From a85f11e1791df4cc7abf6ca26e4d6e19fa015c64 Mon Sep 17 00:00:00 2001
From: Eric Huss <eric@huss.org>
Date: Sat, 20 Dec 2025 12:03:40 -0800
Subject: [PATCH] Clarify UNICODE_ESCAPE valid token value

This clarifies the UNICODE_ESCAPE rule that the hex value must be a
valid Unicode scalar value. This resolves the problem that a string like
`"\u{ffffff}"` is not a valid token, but the grammar did not reflect
that.

I don't see a practical way to define this with character ranges. The
resulting expression is huge.

Note that this restriction means that the UNICODE_ESCAPE rule will not
match an invalid value, and that all the places where UNICODE_ESCAPE is
used, the preceding character must *not* be `\`, which forces those
rules to fail their match. In turn the only rules that contain
UNICODE_ESCAPE have `'` or `"` characters, which won't match any other
rule in the grammar, forcing them to fail the parse.

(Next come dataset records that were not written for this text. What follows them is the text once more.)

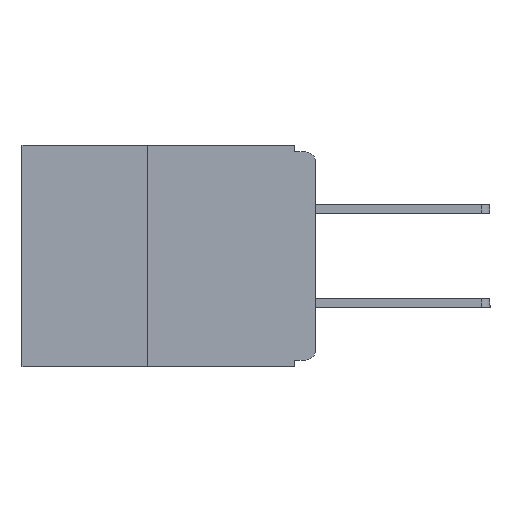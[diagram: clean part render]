
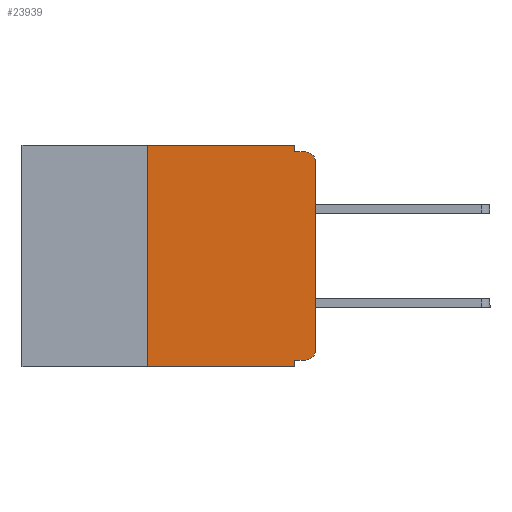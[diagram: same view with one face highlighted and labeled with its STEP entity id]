
A CAD part, left-side view. The second image highlights one B-rep face of the part: STEP entity #23939.
In plain terms, the highlighted planar face has unit normal (-1, 0, 0).
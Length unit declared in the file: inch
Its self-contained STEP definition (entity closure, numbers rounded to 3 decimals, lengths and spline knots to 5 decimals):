
#367 = EDGE_CURVE ( 'NONE', #26374, #10697, #4256, .T. ) ;
#617 = DIRECTION ( 'NONE',  ( 0., 0., -1. ) ) ;
#803 = ORIENTED_EDGE ( 'NONE', *, *, #7773, .F. ) ;
#818 = ORIENTED_EDGE ( 'NONE', *, *, #31160, .F. ) ;
#829 = CARTESIAN_POINT ( 'NONE',  ( 0., 0.25, -0.33 ) ) ;
#2006 = CARTESIAN_POINT ( 'NONE',  ( 0., 0.031, -0.01 ) ) ;
#2117 = VECTOR ( 'NONE', #25588, 39.37008 ) ;
#2251 = VECTOR ( 'NONE', #31579, 39.37008 ) ;
#2364 = LINE ( 'NONE', #20823, #30071 ) ;
#2657 = DIRECTION ( 'NONE',  ( -1., 0., 0. ) ) ;
#2755 = VERTEX_POINT ( 'NONE', #6490 ) ;
#2853 = CARTESIAN_POINT ( 'NONE',  ( 0., 0., -0.32 ) ) ;
#3141 = FACE_OUTER_BOUND ( 'NONE', #6214, .T. ) ;
#3918 = AXIS2_PLACEMENT_3D ( 'NONE', #28160, #28126, #27729 ) ;
#4256 = CIRCLE ( 'NONE', #3918, 0.015 ) ;
#4948 = CARTESIAN_POINT ( 'NONE',  ( 0., 0., 0. ) ) ;
#5475 = VERTEX_POINT ( 'NONE', #829 ) ;
#5545 = DIRECTION ( 'NONE',  ( 0., 1., 0. ) ) ;
#5587 = DIRECTION ( 'NONE',  ( 0., 0., 1. ) ) ;
#6214 = EDGE_LOOP ( 'NONE', ( #18173, #14783, #803, #19185, #25565, #22888, #32152, #33214, #818, #19652 ) ) ;
#6490 = CARTESIAN_POINT ( 'NONE',  ( 0., 0.25, 0. ) ) ;
#6652 = LINE ( 'NONE', #4948, #13629 ) ;
#6798 = AXIS2_PLACEMENT_3D ( 'NONE', #28765, #13244, #31269 ) ;
#7668 = CARTESIAN_POINT ( 'NONE',  ( 0., 0., -0.025 ) ) ;
#7773 = EDGE_CURVE ( 'NONE', #10080, #12317, #2364, .T. ) ;
#7952 = VERTEX_POINT ( 'NONE', #7668 ) ;
#9445 = CARTESIAN_POINT ( 'NONE',  ( 0., 0.031, 0. ) ) ;
#9616 = CARTESIAN_POINT ( 'NONE',  ( 0., 0.031, 0. ) ) ;
#9908 = VERTEX_POINT ( 'NONE', #9445 ) ;
#9995 = LINE ( 'NONE', #12613, #2117 ) ;
#9997 = EDGE_CURVE ( 'NONE', #10697, #7952, #6652, .T. ) ;
#10080 = VERTEX_POINT ( 'NONE', #2006 ) ;
#10489 = EDGE_CURVE ( 'NONE', #5475, #12829, #18969, .T. ) ;
#10697 = VERTEX_POINT ( 'NONE', #16922 ) ;
#11484 = EDGE_CURVE ( 'NONE', #9908, #10080, #27735, .T. ) ;
#11950 = VECTOR ( 'NONE', #26422, 39.37008 ) ;
#12317 = VERTEX_POINT ( 'NONE', #18670 ) ;
#12613 = CARTESIAN_POINT ( 'NONE',  ( 0., 0.437, 0. ) ) ;
#12829 = VERTEX_POINT ( 'NONE', #23391 ) ;
#13244 = DIRECTION ( 'NONE',  ( 1., 0., 0. ) ) ;
#13629 = VECTOR ( 'NONE', #5587, 39.37008 ) ;
#14783 = ORIENTED_EDGE ( 'NONE', *, *, #26816, .T. ) ;
#14917 = EDGE_CURVE ( 'NONE', #2755, #9908, #9995, .T. ) ;
#16006 = CARTESIAN_POINT ( 'NONE',  ( 0., 0.437, -0.33 ) ) ;
#16922 = CARTESIAN_POINT ( 'NONE',  ( 0., 0., -0.305 ) ) ;
#17452 = DIRECTION ( 'NONE',  ( 0., 0., -1. ) ) ;
#17953 = VECTOR ( 'NONE', #5545, 39.37008 ) ;
#18173 = ORIENTED_EDGE ( 'NONE', *, *, #9997, .T. ) ;
#18466 = CARTESIAN_POINT ( 'NONE',  ( 0., 0.015, -0.025 ) ) ;
#18572 = CARTESIAN_POINT ( 'NONE',  ( 0., 0.031, -0.32 ) ) ;
#18670 = CARTESIAN_POINT ( 'NONE',  ( 0., 0.015, -0.01 ) ) ;
#18969 = LINE ( 'NONE', #16006, #11950 ) ;
#19185 = ORIENTED_EDGE ( 'NONE', *, *, #11484, .F. ) ;
#19652 = ORIENTED_EDGE ( 'NONE', *, *, #367, .T. ) ;
#20823 = CARTESIAN_POINT ( 'NONE',  ( 0., 0., -0.01 ) ) ;
#20955 = VECTOR ( 'NONE', #17452, 39.37008 ) ;
#21091 = DIRECTION ( 'NONE',  ( 0., 0., -1. ) ) ;
#22379 = DIRECTION ( 'NONE',  ( 0., -1., 0. ) ) ;
#22888 = ORIENTED_EDGE ( 'NONE', *, *, #31206, .F. ) ;
#23235 = LINE ( 'NONE', #26520, #2251 ) ;
#23391 = CARTESIAN_POINT ( 'NONE',  ( 0., 0.031, -0.33 ) ) ;
#23902 = CIRCLE ( 'NONE', #27785, 0.015 ) ;
#23939 = ADVANCED_FACE ( 'NONE', ( #3141 ), #26196, .F. ) ;
#24458 = CARTESIAN_POINT ( 'NONE',  ( 0., 0.015, -0.32 ) ) ;
#25565 = ORIENTED_EDGE ( 'NONE', *, *, #14917, .F. ) ;
#25588 = DIRECTION ( 'NONE',  ( 0., -1., 0. ) ) ;
#26196 = PLANE ( 'NONE',  #6798 ) ;
#26374 = VERTEX_POINT ( 'NONE', #24458 ) ;
#26422 = DIRECTION ( 'NONE',  ( 0., -1., 0. ) ) ;
#26429 = LINE ( 'NONE', #2853, #17953 ) ;
#26520 = CARTESIAN_POINT ( 'NONE',  ( 0., 0.25, -0.33 ) ) ;
#26816 = EDGE_CURVE ( 'NONE', #7952, #12317, #23902, .T. ) ;
#27729 = DIRECTION ( 'NONE',  ( 0., 0., -1. ) ) ;
#27735 = LINE ( 'NONE', #9616, #20955 ) ;
#27785 = AXIS2_PLACEMENT_3D ( 'NONE', #18466, #2657, #21091 ) ;
#27878 = EDGE_CURVE ( 'NONE', #32357, #12829, #32503, .T. ) ;
#28126 = DIRECTION ( 'NONE',  ( -1., 0., 0. ) ) ;
#28160 = CARTESIAN_POINT ( 'NONE',  ( 0., 0.015, -0.305 ) ) ;
#28765 = CARTESIAN_POINT ( 'NONE',  ( 0., 0.437, 0. ) ) ;
#30071 = VECTOR ( 'NONE', #22379, 39.37008 ) ;
#30178 = VECTOR ( 'NONE', #617, 39.37008 ) ;
#31160 = EDGE_CURVE ( 'NONE', #26374, #32357, #26429, .T. ) ;
#31206 = EDGE_CURVE ( 'NONE', #5475, #2755, #23235, .T. ) ;
#31269 = DIRECTION ( 'NONE',  ( 0., 0., -1. ) ) ;
#31579 = DIRECTION ( 'NONE',  ( 0., 0., 1. ) ) ;
#31807 = CARTESIAN_POINT ( 'NONE',  ( 0., 0.031, -0.33 ) ) ;
#32152 = ORIENTED_EDGE ( 'NONE', *, *, #10489, .T. ) ;
#32357 = VERTEX_POINT ( 'NONE', #18572 ) ;
#32503 = LINE ( 'NONE', #31807, #30178 ) ;
#33214 = ORIENTED_EDGE ( 'NONE', *, *, #27878, .F. ) ;

If all those assumptions seem too fragile, then we can consider adding
the [cut operator](https://github.com/rust-lang/reference/pull/2104)
just after the `\u` so that the interpretation is clear that a failure
to match the part from the opening brace is an immediate parse failure.
---
 src/tokens.md | 6 ++++--
 1 file changed, 4 insertions(+), 2 deletions(-)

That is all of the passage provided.